Stored dataset items
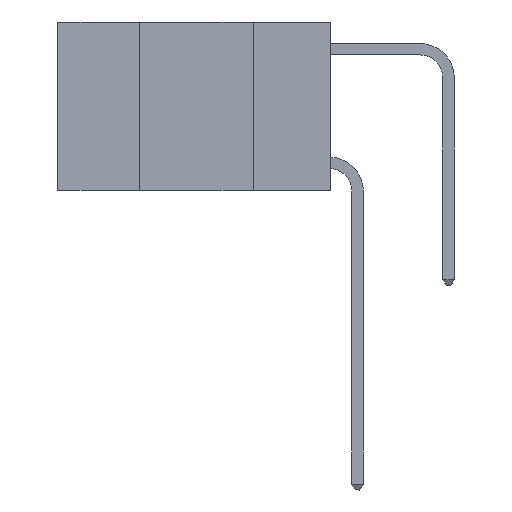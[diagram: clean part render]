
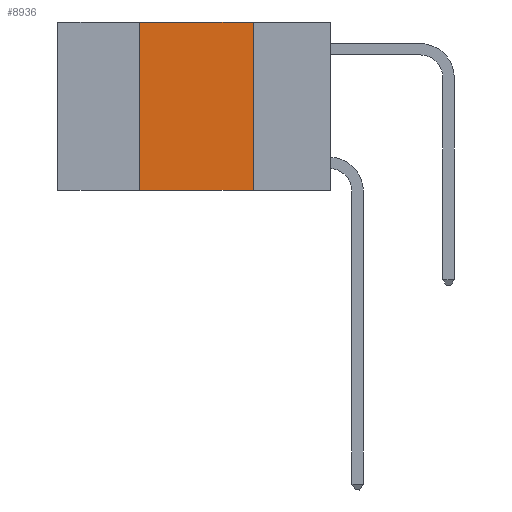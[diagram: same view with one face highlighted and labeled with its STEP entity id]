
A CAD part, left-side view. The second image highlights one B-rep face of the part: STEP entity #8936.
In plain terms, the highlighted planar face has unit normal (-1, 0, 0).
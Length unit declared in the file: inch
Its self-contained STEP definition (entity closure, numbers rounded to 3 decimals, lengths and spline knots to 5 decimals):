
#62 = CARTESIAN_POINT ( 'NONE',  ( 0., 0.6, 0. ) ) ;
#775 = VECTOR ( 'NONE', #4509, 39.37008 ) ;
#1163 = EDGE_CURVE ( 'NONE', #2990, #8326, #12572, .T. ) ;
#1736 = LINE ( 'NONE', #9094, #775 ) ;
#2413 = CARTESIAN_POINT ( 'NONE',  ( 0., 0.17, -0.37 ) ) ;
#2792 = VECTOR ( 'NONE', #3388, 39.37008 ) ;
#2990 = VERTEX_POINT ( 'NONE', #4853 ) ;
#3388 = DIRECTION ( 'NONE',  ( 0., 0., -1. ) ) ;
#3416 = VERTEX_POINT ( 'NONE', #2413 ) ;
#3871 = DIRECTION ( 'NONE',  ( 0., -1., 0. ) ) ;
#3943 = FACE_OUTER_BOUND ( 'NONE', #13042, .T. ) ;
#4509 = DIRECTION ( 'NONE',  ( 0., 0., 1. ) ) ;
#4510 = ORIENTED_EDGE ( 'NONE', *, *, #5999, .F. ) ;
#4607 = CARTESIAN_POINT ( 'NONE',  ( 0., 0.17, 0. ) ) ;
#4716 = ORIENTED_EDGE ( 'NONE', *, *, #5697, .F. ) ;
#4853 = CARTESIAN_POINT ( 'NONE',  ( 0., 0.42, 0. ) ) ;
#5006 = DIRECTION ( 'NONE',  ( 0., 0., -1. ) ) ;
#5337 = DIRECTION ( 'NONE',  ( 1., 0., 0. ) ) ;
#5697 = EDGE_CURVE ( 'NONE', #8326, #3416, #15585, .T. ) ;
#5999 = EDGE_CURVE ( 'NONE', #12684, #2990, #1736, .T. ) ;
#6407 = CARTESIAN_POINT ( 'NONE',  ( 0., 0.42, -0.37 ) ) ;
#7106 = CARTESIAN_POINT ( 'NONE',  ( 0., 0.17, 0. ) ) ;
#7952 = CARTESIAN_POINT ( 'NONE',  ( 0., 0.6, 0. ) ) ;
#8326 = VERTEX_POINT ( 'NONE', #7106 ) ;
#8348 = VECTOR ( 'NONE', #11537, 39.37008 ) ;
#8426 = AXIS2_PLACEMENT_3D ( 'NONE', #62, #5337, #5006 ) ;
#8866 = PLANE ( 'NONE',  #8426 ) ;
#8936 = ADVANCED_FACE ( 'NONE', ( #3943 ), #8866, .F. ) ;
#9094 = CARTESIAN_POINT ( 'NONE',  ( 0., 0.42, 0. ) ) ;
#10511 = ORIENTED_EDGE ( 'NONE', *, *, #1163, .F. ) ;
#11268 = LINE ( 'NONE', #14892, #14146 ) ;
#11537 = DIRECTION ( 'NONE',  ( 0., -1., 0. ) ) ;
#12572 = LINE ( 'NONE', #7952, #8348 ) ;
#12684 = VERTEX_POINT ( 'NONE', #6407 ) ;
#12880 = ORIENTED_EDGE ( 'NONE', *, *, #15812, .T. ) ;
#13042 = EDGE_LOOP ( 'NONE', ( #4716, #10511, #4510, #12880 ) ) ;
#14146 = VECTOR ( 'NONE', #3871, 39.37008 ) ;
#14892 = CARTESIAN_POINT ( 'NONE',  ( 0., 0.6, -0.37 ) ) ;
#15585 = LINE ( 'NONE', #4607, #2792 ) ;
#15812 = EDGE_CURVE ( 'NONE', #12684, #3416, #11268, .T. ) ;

Exercise ::
Print the data above verbatim from the first line through the line holding "Length unit declared in the file: inch", leaving every picture out.

Written answer ::
[diagram: clean part render]
[diagram: same view with one face highlighted and labeled with its STEP entity id]
A CAD part, left-side view. The second image highlights one B-rep face of the part: STEP entity #8936.
In plain terms, the highlighted planar face has unit normal (-1, 0, 0).
Length unit declared in the file: inch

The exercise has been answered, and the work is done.